As a general trend, the formation enthalpies computed with HSE are close to the results from semilocal functionals LSDA and PBE (from this work), although the HSE values are slightly higher. The only exception is SrO, where both HSE and PBE tend to overestimate the formation enthalpies to the same extent, exceeding the LSDA values.

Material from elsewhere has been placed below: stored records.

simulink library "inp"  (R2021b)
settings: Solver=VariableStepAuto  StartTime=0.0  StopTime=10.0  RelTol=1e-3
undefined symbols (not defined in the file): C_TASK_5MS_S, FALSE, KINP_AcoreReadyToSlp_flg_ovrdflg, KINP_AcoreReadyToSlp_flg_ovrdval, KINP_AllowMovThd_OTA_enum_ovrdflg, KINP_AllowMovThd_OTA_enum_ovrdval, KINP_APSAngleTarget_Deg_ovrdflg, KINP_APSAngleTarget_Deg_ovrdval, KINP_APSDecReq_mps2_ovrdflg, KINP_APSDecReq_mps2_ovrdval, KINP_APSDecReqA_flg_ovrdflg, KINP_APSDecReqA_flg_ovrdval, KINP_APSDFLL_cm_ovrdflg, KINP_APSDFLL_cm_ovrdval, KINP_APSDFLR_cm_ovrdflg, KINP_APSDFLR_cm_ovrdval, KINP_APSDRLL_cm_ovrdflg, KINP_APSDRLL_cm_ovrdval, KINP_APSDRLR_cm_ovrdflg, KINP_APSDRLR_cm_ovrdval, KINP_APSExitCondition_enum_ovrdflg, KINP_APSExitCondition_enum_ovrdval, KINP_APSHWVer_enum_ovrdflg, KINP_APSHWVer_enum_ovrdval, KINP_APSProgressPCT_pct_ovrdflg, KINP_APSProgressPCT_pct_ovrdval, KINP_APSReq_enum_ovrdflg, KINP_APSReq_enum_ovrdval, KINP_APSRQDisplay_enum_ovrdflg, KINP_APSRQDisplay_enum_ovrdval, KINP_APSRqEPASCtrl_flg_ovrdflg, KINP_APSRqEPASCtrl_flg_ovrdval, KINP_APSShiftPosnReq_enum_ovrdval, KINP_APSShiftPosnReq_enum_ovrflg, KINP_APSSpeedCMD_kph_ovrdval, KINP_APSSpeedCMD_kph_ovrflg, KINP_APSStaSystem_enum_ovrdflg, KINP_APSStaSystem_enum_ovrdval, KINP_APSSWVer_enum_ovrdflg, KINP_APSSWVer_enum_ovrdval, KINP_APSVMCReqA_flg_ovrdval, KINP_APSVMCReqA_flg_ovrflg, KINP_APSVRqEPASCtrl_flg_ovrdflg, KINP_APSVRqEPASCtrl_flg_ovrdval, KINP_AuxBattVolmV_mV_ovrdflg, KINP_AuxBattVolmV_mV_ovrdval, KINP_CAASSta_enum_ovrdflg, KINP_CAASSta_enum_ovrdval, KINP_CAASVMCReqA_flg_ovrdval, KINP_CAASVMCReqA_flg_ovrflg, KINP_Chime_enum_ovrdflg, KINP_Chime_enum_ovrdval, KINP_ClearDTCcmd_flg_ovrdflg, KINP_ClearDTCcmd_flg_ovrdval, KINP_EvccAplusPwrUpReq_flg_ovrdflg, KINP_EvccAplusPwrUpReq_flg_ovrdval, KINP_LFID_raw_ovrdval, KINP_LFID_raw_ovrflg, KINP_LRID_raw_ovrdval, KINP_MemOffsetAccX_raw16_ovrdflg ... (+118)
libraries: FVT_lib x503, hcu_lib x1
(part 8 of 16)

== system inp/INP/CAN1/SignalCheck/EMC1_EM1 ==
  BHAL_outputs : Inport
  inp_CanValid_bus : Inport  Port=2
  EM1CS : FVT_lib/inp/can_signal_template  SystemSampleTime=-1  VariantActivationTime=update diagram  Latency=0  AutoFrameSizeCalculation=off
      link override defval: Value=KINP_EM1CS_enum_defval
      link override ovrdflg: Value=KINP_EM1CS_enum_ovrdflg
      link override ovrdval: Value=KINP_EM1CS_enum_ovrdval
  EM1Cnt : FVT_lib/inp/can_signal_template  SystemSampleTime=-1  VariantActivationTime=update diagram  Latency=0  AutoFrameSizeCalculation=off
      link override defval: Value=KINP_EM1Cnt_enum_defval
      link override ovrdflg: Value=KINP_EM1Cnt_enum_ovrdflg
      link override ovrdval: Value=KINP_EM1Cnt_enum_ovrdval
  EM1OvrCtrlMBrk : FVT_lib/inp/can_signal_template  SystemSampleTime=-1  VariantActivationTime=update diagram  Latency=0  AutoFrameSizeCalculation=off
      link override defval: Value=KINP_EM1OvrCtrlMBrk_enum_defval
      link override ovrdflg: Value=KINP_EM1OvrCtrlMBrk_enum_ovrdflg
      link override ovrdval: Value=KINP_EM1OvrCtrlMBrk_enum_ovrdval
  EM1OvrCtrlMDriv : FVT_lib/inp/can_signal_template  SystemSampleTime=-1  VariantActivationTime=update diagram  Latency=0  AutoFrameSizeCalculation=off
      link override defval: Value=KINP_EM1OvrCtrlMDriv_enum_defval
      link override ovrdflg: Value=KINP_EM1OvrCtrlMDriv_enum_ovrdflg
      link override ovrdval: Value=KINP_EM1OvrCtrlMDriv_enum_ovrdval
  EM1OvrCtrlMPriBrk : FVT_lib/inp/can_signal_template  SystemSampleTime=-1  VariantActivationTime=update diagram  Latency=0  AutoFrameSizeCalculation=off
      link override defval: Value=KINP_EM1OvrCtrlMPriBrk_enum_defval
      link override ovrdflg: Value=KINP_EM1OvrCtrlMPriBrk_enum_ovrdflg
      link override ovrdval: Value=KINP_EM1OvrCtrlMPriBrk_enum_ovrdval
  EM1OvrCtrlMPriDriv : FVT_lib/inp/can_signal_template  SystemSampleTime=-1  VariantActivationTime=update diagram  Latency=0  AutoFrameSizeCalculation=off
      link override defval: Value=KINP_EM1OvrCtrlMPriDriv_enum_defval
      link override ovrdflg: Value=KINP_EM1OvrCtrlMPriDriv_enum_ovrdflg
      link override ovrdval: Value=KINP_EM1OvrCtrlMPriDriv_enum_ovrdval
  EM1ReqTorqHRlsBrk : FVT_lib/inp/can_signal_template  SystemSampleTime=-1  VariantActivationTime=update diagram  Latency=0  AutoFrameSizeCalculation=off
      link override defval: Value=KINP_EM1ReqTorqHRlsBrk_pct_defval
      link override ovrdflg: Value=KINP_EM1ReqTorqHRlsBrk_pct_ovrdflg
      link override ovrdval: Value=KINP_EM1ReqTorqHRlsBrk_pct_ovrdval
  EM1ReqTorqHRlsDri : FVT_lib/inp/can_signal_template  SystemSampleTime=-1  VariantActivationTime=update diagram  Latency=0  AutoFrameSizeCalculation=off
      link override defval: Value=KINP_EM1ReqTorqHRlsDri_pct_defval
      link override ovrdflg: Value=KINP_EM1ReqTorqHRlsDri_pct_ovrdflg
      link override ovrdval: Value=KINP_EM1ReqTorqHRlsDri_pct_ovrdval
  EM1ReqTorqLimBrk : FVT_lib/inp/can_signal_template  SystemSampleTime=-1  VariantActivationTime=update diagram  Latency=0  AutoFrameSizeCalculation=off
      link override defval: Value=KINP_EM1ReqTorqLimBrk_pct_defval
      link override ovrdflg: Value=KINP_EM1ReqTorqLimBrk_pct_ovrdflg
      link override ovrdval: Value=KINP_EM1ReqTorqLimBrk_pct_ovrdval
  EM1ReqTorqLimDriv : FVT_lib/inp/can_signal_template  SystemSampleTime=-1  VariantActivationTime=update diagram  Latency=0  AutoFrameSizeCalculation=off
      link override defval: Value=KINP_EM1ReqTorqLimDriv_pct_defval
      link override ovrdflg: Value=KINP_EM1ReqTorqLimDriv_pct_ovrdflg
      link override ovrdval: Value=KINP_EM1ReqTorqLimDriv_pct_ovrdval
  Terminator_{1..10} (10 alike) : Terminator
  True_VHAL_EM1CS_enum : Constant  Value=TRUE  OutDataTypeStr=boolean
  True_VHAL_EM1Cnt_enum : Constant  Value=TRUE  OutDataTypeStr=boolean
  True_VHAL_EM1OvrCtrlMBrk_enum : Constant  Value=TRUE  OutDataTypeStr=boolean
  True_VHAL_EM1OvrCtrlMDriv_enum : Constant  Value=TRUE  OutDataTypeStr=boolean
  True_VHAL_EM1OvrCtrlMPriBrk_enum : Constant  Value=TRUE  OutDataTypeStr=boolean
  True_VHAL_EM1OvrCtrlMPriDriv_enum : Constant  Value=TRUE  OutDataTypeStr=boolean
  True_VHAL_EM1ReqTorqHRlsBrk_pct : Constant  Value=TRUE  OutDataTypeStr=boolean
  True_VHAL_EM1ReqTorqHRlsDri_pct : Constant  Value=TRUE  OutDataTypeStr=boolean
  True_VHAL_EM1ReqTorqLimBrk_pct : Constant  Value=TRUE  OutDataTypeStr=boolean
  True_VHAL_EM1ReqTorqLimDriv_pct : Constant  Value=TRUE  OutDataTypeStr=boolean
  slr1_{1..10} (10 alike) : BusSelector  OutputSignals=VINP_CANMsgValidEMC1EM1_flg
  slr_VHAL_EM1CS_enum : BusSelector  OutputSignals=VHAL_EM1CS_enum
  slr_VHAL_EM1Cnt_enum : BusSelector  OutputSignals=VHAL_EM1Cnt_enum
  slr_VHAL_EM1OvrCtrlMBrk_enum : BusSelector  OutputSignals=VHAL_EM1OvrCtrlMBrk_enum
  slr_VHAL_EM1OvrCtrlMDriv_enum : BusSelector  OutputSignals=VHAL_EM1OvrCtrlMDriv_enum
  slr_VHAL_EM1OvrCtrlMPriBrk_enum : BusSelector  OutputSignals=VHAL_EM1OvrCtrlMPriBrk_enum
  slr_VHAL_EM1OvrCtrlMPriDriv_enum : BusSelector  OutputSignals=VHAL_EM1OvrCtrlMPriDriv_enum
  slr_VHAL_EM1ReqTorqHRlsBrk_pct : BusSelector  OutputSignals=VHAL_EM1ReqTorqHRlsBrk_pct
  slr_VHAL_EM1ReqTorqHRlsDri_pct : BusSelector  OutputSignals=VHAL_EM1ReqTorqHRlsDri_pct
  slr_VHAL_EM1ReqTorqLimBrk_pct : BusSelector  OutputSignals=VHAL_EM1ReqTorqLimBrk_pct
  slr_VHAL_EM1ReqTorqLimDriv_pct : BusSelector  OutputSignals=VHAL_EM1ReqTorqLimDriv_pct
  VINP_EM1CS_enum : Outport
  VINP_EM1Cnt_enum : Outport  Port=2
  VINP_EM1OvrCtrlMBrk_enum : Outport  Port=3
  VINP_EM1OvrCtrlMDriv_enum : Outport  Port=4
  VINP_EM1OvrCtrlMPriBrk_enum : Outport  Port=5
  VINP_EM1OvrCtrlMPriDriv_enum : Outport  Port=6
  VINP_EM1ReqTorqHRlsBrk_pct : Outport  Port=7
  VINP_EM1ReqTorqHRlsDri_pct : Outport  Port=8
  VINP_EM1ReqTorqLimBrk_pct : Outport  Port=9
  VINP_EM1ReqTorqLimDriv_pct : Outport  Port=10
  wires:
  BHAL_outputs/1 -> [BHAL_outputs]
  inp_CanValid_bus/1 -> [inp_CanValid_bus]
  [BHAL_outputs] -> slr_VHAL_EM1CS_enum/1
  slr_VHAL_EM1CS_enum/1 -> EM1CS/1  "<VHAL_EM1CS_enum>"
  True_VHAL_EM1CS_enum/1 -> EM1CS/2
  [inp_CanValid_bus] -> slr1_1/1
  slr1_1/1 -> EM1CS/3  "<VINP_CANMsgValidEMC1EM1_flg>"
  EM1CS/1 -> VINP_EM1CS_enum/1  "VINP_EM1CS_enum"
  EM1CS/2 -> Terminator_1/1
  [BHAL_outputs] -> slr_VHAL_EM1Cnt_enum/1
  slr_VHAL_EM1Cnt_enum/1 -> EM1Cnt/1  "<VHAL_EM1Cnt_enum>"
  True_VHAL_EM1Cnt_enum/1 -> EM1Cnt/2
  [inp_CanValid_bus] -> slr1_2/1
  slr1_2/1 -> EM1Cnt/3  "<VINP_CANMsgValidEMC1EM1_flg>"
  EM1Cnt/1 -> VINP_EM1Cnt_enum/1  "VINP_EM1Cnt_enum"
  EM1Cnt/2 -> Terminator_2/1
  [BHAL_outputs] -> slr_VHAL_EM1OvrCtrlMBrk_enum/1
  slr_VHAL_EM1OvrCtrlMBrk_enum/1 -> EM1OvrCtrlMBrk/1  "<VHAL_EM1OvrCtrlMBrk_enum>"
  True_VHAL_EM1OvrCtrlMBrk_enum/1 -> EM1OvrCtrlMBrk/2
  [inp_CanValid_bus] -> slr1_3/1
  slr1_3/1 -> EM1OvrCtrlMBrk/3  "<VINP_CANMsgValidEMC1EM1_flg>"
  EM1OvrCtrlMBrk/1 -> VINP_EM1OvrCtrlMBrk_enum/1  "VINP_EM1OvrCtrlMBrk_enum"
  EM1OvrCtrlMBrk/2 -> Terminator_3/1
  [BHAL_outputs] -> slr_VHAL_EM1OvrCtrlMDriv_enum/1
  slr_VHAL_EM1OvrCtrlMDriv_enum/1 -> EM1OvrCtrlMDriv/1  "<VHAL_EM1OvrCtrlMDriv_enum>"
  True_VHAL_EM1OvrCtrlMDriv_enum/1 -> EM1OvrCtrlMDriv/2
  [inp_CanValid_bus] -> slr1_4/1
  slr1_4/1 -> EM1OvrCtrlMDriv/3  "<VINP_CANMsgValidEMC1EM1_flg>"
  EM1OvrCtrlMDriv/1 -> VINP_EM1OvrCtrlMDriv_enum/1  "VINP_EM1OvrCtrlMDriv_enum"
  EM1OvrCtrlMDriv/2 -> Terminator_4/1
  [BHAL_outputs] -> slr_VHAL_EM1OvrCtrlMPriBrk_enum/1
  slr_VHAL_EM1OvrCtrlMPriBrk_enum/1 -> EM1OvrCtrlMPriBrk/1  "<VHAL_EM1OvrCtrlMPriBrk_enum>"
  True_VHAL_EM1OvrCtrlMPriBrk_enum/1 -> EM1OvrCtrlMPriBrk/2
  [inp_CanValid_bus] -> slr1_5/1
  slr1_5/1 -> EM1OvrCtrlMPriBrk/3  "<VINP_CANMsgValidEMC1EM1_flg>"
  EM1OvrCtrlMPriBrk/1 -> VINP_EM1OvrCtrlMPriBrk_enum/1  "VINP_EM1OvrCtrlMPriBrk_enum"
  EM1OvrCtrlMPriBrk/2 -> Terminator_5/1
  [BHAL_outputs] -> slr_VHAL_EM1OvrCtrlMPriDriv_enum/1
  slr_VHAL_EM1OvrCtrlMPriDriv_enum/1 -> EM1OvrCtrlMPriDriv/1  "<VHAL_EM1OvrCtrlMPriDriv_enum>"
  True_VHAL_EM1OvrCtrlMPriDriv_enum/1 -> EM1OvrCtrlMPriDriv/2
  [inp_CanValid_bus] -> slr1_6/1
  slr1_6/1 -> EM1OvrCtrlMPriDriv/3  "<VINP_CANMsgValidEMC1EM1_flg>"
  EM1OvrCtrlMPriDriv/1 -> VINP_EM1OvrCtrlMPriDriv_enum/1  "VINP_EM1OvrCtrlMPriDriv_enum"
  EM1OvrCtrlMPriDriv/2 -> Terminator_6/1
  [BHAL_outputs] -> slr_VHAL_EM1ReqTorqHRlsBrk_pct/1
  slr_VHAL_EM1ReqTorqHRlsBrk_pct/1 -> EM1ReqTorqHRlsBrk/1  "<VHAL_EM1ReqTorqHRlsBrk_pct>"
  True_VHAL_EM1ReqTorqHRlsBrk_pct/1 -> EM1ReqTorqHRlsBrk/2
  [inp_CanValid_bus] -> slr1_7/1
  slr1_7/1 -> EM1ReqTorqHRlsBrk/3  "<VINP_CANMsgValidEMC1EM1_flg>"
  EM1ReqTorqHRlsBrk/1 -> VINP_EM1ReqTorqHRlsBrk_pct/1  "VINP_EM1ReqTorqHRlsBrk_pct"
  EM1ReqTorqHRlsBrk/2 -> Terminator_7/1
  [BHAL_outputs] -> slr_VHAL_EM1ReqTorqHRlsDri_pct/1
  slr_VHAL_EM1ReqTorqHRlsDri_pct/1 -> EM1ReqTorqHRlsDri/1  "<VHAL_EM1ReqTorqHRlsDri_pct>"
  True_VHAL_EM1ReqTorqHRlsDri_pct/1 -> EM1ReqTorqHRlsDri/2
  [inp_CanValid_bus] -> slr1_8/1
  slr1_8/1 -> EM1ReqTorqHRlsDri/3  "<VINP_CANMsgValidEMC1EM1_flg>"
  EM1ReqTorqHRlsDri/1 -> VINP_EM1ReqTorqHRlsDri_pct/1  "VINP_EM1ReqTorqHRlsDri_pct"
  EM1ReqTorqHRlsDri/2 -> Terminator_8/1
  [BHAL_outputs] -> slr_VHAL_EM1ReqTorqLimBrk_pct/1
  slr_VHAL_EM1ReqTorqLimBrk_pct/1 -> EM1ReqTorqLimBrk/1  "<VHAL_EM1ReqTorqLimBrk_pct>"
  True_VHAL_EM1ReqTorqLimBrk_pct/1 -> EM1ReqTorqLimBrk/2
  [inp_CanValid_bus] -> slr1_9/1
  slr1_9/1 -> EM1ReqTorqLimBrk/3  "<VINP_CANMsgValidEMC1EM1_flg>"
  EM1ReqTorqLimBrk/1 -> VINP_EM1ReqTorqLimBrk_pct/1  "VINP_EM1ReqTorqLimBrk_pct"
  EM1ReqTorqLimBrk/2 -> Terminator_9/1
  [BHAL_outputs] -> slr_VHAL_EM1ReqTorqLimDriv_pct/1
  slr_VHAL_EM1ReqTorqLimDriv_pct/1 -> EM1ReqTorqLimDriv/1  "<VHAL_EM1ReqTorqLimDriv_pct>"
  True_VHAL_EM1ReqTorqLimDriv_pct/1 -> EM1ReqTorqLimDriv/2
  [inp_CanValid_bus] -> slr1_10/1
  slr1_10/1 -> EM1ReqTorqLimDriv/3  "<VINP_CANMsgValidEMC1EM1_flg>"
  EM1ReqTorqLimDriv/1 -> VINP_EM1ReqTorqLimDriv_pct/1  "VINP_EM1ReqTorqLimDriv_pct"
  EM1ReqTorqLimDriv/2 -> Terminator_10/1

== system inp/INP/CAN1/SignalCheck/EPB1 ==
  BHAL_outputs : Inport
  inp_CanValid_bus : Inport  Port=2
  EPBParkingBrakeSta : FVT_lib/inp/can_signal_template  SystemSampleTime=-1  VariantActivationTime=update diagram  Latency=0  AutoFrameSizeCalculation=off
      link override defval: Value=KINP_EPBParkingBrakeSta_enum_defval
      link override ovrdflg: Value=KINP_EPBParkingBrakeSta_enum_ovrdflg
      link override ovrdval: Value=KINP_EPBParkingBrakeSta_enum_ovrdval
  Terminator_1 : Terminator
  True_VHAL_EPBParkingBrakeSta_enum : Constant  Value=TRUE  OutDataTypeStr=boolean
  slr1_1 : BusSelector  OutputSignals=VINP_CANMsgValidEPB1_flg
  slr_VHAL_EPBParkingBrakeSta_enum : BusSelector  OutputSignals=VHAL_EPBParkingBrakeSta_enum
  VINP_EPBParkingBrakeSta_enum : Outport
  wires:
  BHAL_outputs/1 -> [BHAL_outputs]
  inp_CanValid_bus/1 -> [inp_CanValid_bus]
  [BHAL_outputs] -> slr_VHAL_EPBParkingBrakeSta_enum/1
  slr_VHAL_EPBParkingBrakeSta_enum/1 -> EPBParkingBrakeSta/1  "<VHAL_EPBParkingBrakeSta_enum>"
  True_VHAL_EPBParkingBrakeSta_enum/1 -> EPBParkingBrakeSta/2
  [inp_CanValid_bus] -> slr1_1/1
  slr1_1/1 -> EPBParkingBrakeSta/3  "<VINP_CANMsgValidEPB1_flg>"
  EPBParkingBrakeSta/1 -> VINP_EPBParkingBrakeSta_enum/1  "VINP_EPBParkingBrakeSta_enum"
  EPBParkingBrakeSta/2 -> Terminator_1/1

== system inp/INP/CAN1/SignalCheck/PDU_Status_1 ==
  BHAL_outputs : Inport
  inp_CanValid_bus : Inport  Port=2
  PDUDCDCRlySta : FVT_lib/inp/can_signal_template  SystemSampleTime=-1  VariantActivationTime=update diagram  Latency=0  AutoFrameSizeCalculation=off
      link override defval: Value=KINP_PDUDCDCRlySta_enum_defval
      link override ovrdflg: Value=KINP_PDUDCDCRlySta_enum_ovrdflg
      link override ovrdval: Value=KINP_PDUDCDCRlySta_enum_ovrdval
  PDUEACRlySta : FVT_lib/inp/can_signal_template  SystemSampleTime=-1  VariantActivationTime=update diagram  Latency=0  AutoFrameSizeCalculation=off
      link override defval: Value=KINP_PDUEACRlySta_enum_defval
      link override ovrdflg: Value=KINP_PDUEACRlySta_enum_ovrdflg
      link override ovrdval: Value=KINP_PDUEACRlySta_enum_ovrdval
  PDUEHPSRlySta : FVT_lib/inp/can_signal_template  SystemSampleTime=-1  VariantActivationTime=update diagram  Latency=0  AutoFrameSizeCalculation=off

The formation energies of vacancy defects in STO as a function of its composition are plotted in figure 1 with the points A to G based⁵on the phase diagram in [42]. The plot shows that HSE's formation energies show a similar dependence on the chemical potentials as was observed for the LSDA results of [42]. However, both ${\mathrm{V}}_{\mathrm{Ti}}^{0}$ and ${\mathrm{V}}_{\mathrm{Sr}}^{0}$ curves are shifted to higher formation energies, while the ${\mathrm{V}}_{\mathrm{O}}^{0}$ curve is slightly shifted downwards compared to the LSDA spectrum. At point A, ${\mathrm{V}}_{\mathrm{Sr}}^{0}$ has the lowest formation energy followed by ${\mathrm{V}}_{\mathrm{Ti}}^{0}$ and ${\mathrm{V}}_{\mathrm{O}}^{0}$. At point B, ${\mathrm{V}}_{\mathrm{Sr}}^{0}$ remains the most stable but ${\mathrm{V}}_{\mathrm{O}}^{0}$ becomes more stable than ${\mathrm{V}}_{\mathrm{Ti}}^{0}$ contrary to the LSDA predictions. Under low partial pressures of oxygen (O-poor conditions corresponding to points C to G), ${\mathrm{V}}_{\mathrm{O}}^{0}$ vacancies form more easily and dominate the spectrum while the formation energies of ${\mathrm{V}}_{\mathrm{Ti}}^{0}$ and ${\mathrm{V}}_{\mathrm{Sr}}^{0}$ keep increasing.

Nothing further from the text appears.